F5: Each share of Series C Convertible Preferred Stock and each share of Series D-2 Convertible Preferred Stock is convertible into 0.0533 of a share of Common Stock without payment of further consideraton and will automatically convert into 0.0533 of a share of Common Stock upon closing of the Issuer's initial public offering without payment of futher consideration. The shares have no expiration date.
F6: These securities are held as follows: 5,351,780 by IW8, 42,717 by II8 and 153,114 by IIQ8. IMP8 is the General Partner of IW8, II8 and IIQ8 and has sole voting and investment control over the shares owned by IW8, II8 and IIQ8. Harvey B. Cash, Philip T. Gianos, W. Scott Hedrick, W. Stephen Holmes, Gilbert H. Kliman and Arnold L. Oronsky are Managing Directors of IMP8 and disclaim beneficial ownership of those securities, except to the extent of their pecuniary interest therein.

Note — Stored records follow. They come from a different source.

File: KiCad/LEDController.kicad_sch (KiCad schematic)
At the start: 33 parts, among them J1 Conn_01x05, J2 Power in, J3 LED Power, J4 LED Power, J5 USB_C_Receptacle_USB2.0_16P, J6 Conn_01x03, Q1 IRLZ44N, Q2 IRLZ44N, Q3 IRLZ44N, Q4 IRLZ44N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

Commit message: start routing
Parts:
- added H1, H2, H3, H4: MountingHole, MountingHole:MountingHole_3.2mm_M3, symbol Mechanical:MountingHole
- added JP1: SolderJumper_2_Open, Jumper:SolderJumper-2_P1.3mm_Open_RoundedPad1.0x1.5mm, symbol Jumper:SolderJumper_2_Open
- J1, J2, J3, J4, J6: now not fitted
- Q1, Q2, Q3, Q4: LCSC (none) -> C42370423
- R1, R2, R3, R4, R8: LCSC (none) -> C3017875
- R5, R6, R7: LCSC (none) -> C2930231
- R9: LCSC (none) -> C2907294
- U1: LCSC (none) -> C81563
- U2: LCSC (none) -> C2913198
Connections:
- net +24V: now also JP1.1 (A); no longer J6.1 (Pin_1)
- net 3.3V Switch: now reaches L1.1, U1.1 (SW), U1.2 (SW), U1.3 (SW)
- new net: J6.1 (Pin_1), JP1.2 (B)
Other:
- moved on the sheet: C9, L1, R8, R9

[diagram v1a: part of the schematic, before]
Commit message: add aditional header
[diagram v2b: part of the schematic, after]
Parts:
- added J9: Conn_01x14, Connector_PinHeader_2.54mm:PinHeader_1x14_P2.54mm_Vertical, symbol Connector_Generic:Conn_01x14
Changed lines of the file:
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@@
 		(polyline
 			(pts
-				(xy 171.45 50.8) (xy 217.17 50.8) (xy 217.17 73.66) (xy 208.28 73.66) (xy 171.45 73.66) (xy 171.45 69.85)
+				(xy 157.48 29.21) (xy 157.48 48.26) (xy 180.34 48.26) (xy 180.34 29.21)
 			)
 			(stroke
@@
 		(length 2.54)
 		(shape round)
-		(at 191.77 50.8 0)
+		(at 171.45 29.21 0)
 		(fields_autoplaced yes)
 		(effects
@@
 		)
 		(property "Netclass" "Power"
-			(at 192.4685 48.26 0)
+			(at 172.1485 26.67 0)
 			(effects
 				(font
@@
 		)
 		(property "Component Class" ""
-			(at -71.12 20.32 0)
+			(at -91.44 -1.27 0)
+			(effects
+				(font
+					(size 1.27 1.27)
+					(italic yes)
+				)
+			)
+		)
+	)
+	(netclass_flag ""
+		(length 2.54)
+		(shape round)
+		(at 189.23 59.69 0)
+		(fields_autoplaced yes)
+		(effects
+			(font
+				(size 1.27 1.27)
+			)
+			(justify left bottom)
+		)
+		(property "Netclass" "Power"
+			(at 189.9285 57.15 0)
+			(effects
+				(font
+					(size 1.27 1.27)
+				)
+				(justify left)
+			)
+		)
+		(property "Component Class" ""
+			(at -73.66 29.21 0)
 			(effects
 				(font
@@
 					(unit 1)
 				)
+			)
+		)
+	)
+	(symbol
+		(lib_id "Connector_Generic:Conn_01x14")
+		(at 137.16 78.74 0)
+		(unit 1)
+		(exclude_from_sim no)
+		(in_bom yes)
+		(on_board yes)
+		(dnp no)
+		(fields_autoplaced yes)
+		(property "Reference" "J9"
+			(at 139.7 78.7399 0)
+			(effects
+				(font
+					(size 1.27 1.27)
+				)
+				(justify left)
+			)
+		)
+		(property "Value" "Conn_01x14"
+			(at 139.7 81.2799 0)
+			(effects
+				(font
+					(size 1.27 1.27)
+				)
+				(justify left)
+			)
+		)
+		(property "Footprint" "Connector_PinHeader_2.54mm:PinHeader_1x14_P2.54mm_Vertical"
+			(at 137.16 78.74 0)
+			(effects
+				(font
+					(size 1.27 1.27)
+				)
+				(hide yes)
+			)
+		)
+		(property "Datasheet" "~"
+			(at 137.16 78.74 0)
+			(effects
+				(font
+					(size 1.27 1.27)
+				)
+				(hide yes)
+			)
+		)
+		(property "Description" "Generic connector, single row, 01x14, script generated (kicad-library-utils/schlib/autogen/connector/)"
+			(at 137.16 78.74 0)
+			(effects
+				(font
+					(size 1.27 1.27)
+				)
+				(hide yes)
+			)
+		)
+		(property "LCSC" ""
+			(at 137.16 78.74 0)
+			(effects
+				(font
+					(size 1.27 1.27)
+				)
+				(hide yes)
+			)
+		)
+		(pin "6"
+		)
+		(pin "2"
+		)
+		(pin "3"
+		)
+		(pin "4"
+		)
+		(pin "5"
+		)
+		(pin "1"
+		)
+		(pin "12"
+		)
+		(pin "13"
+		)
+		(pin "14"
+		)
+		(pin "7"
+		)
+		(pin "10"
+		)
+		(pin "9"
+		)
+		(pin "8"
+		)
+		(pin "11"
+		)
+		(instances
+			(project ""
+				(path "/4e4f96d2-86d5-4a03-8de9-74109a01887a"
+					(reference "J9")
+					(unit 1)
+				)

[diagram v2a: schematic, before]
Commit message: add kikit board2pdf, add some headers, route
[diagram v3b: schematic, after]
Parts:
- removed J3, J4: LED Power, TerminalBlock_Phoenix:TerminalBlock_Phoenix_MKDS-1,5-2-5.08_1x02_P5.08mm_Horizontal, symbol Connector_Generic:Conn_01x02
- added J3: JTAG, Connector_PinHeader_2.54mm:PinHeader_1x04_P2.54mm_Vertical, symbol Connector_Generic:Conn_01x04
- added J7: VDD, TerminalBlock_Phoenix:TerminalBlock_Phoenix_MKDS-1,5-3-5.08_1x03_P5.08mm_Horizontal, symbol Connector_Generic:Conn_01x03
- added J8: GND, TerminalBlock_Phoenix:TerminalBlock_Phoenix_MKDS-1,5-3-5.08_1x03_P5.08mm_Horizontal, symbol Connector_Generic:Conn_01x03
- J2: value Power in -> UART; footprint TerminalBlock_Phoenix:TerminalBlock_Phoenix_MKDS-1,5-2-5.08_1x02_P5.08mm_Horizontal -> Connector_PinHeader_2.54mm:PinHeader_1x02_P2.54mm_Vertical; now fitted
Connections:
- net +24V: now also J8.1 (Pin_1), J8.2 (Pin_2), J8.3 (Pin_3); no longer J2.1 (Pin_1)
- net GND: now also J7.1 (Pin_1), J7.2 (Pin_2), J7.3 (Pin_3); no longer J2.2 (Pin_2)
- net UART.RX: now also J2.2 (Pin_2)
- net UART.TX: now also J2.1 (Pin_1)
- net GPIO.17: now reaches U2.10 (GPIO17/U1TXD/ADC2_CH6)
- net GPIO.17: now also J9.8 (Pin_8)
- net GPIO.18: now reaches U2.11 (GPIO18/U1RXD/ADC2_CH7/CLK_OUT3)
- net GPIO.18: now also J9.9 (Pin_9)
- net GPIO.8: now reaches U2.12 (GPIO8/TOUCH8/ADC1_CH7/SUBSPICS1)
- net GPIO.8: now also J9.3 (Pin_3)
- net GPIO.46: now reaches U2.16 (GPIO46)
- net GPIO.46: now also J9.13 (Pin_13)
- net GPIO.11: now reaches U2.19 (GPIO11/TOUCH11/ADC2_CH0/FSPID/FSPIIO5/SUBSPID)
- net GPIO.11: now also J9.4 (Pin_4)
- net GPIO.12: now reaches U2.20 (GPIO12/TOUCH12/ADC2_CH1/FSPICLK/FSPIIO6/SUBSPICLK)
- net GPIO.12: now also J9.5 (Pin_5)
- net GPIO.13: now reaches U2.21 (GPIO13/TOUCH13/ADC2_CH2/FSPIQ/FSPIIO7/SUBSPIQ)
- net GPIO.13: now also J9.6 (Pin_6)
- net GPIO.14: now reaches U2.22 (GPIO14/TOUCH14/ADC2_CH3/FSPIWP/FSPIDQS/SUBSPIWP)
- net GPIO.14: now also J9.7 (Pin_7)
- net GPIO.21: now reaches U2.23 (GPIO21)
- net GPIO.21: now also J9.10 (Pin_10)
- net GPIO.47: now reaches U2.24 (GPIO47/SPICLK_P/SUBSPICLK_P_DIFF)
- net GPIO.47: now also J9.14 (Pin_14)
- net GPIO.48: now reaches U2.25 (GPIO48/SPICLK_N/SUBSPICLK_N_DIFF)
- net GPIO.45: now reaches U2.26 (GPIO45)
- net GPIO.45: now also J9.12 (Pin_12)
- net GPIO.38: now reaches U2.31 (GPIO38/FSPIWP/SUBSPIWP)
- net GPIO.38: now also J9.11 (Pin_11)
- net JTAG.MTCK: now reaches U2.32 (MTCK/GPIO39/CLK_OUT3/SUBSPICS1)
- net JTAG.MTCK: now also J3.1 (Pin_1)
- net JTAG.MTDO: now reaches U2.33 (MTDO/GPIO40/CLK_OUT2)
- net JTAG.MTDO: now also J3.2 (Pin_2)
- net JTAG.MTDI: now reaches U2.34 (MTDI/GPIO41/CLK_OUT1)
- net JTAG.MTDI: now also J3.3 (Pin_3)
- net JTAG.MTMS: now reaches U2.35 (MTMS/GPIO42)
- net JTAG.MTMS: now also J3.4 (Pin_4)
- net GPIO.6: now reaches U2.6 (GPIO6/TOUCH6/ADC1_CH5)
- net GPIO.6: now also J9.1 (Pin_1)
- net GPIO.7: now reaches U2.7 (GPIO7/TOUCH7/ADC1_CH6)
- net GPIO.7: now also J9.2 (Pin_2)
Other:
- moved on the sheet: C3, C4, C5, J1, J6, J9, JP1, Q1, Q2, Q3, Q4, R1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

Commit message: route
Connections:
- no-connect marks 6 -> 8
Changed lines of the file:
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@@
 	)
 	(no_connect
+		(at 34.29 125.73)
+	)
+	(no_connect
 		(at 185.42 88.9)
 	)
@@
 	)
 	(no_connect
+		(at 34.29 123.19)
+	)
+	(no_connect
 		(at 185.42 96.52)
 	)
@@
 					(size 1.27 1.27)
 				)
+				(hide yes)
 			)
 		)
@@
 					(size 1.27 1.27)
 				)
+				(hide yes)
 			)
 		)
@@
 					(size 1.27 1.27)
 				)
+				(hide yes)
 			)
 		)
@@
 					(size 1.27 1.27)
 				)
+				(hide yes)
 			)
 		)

F7: These securities are held as follows: 591,749 by IW8, 4,723 by II8 and 16,930 by IIQ8. IMP8 is the General Partner of IW8, II8 and IIQ8 and has sole voting and investment control over the shares owned by IW8, II8 and IIQ8. Harvey B. Cash, Philip T. Gianos, W. Scott Hedrick, W. Stephen Holmes, Gilbert H. Kliman and Arnold L. Oronsky are Managing Directors of IMP8 and disclaim beneficial ownership of those securities, except to the extent of their pecuniary interest therein.
F8: Immediately.
F9: The warrants will expire upon the closing of the initial public offering.
F10: These securities are held as follows: 44,381 by IW8, 354 by II8 and 1,270 by IIQ8. IMP8 is the General Partner of IW8, II8 and IIQ8 and has sole voting and investment control over the shares owned by IW8, II8 and IIQ8. Harvey B. Cash, Philip T. Gianos, W. Scott Hedrick, W. Stephen Holmes, Gilbert H. Kliman and Arnold L. Oronsky are Managing Directors of IMP8 and disclaim beneficial ownership of those securities, except to the extent of their pecuniary interest therein.